Adam Linson is active internationally as a double bassist, improvisor, composer, and scholar, who performs acoustically and with live electronics, solo and in a wide variety of ensembles, and can be heard on several critically acclaimed albums. He also designs, develops, and performs with real-time interactive computer music systems. He has published on a range of topics including the ecological psychology of improvisation, the philosophy of art and artificial intelligence, and the historiography of music technology. He is currently a Research Associate at the University of Oxford, Faculty of Music, where he was formerly a CMPCP Visiting Fellow.

Performing free – an ethnography of free improvisation practices in Brazil

Franziska Schroeder (Queen’s University Belfast)
16 March 2015

Room 102, Senate House, University of London, Malet Street, London WC1

In this talk I will speak about the practice of free music improvisation in Brazil. The reflections and findings presented are derived from research conducted as part of a four months Higher Education Academy (HEA, UK) Fellowship, carried out between February and June 2014. The aim was to enquire whether or how the practice of free improvisation is taught in the Brazilian higher education system. As part of this ethnographic study visits to the following universities were scheduled: The Federal University of Rio de Janeiro – UFRJ; The Universidade Federal do Estado do Rio de Janeiro (UNIRIO); The University of São Paulo – USP; The Federal University of Minas Gerais – UFMG; The Federal University of Bahia – UFBA; The Federal University of Rio Grande do Norte in Natal (UFRN); and, The ELM, the Escola Livre de Música in Unicamp.
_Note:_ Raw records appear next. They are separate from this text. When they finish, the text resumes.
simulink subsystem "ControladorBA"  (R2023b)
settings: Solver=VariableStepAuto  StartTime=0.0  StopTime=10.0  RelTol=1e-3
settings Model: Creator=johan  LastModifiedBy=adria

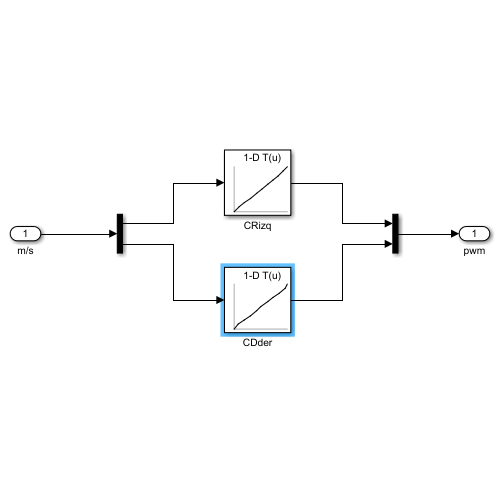
[thumbnail: Simulink's stored preview of the top-level diagram]
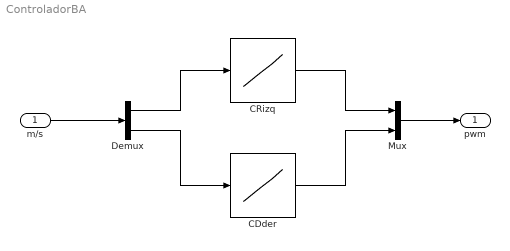
== system ControladorBA ==
  m/s : Inport
  CDder : Lookup_n-D  NumberOfTableDimensions=1  BreakpointsForDimension1=[-0.334034651517868 -0.276784002780914 -0.200431555509567 -0.133619040250778 -0.057269562035799 0 0.085894286632538 0.15270359814167 0.219512194395065 0.305411517620087 0.324499905109406]  Table=[-255 -200 -150 -100 -50 0 50 100 150 200 255]  InternalRulePriority=Speed  RndMeth=Simplest
  CRizq : Lookup_n-D  NumberOfTableDimensions=1  BreakpointsForDimension1=[-0.52526581287384 -0.414703637361527 -0.317939072847366 -0.207345858216286 -0.096764579415321 0 0.124403968453407 0.221168518066406 0.331753820180893 0.414687782526016 0.497627735137939]  Table=[-255 -200 -150 -100 -50 0 50 100 150 200 255]  InternalRulePriority=Speed  RndMeth=Simplest
  Demux : Demux  Outputs=2
  Mux : Mux  Inputs=2
  pwm : Outport
  wires:
  CDder/1 -> Mux/2
  m/s/1 -> Demux/1
  Mux/1 -> pwm/1
  Demux/1 -> CRizq/1
  Demux/2 -> CDder/1
  CRizq/1 -> Mux/1
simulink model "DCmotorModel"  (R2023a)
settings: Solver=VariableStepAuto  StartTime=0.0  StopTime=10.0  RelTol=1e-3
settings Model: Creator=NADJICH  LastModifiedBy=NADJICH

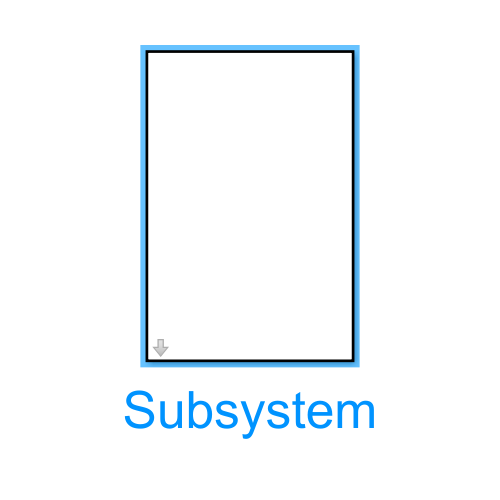
[thumbnail: Simulink's stored preview of the top-level diagram]
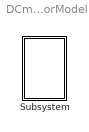
== system DCmotorModel ==
  Subsystem : Subsystem  mask{Jr=6.5e-7, b_m=2.415-6, Kemf=0.00255, Kt=0.00255, R=0.117, L=1.17e-4}

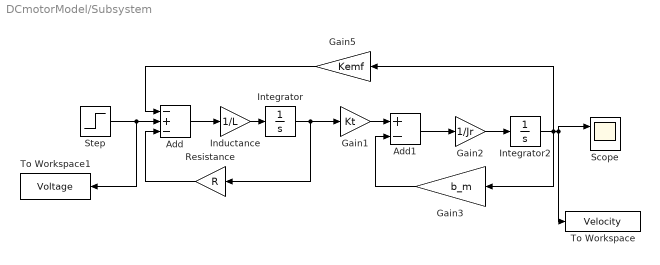
== system DCmotorModel/Subsystem ==
  Add : Sum  Inputs=-+-
  Add1 : Sum  Inputs=+-
  Gain1 : Gain  Gain=Kt
  Gain2 : Gain  Gain=1/Jr
  Gain3 : Gain  Gain=b_m
  Gain5 : Gain  Gain=Kemf
  Inductance : Gain  Gain=1/L
  Integrator : Integrator  LimitOutput=on  UpperSaturationLimit=0
  Integrator2 : Integrator  LimitOutput=on  UpperSaturationLimit=0
  Resistance : Gain  Gain=R
  Scope : Scope  NumInputPorts=2
  Step : Step  Time=10  SampleTime=0
  To Workspace : ToWorkspace  VariableName=Velocity  SampleTime=-1
  To Workspace1 : ToWorkspace  VariableName=Voltage  SampleTime=-1
  wires:
  Step/1 -> Add/2, To Workspace1/1
  Integrator/1 -> Resistance/1, Gain1/1
  Integrator2/1 -> Gain3/1, Scope/1, To Workspace/1, Gain5/1
  Add/1 -> Inductance/1
  Gain2/1 -> Integrator2/1
  Gain5/1 -> Add/1
  Gain3/1 -> Add1/2
  Add1/1 -> Gain2/1
  Resistance/1 -> Add/3
  Inductance/1 -> Integrator/1
  Gain1/1 -> Add1/1

In the talk I will discuss some general background thinking to the research process, specifically recalling the work of French composer and educator Alain Savouret. I will examine the improvisational spirit, the improvisatory world-making approach (the ‘jeitinho brasileiro’) that is often considered to be integral to the Brazilian way of life. In the final part of the talk I discuss the applied ethnographic methodologies, which includes the design of questions that were used for the fifty video interviews with Brazilian musicians and teachers, as well as reflections on participatory action research, influenced by Taggart’s sixteen Tenets of Participatory Action Research (1989).

Franziska Schroeder trained as a contemporary saxophonist in Australia, followed by essential saxophone lessons with Marie Bernadette Charrier from the Conservatoire Supérieure in Bordeaux. She now lectures at the School of Creative Arts, Queen’s University Belfast, convening modules in performance, improvisation and critical theory. She supervises PhD work in digital media performance, improvisation, and participatory practice. Franziska has written for many international journals; she has published a book on performance and the threshold, an edited volume on user-generated content and a recent book on improvisation. A prestigious Sir Ron Rooke International Scholarship (2014) allowed her to live in Brazil for six months where she carried out ethnographic work on free improvisation practices.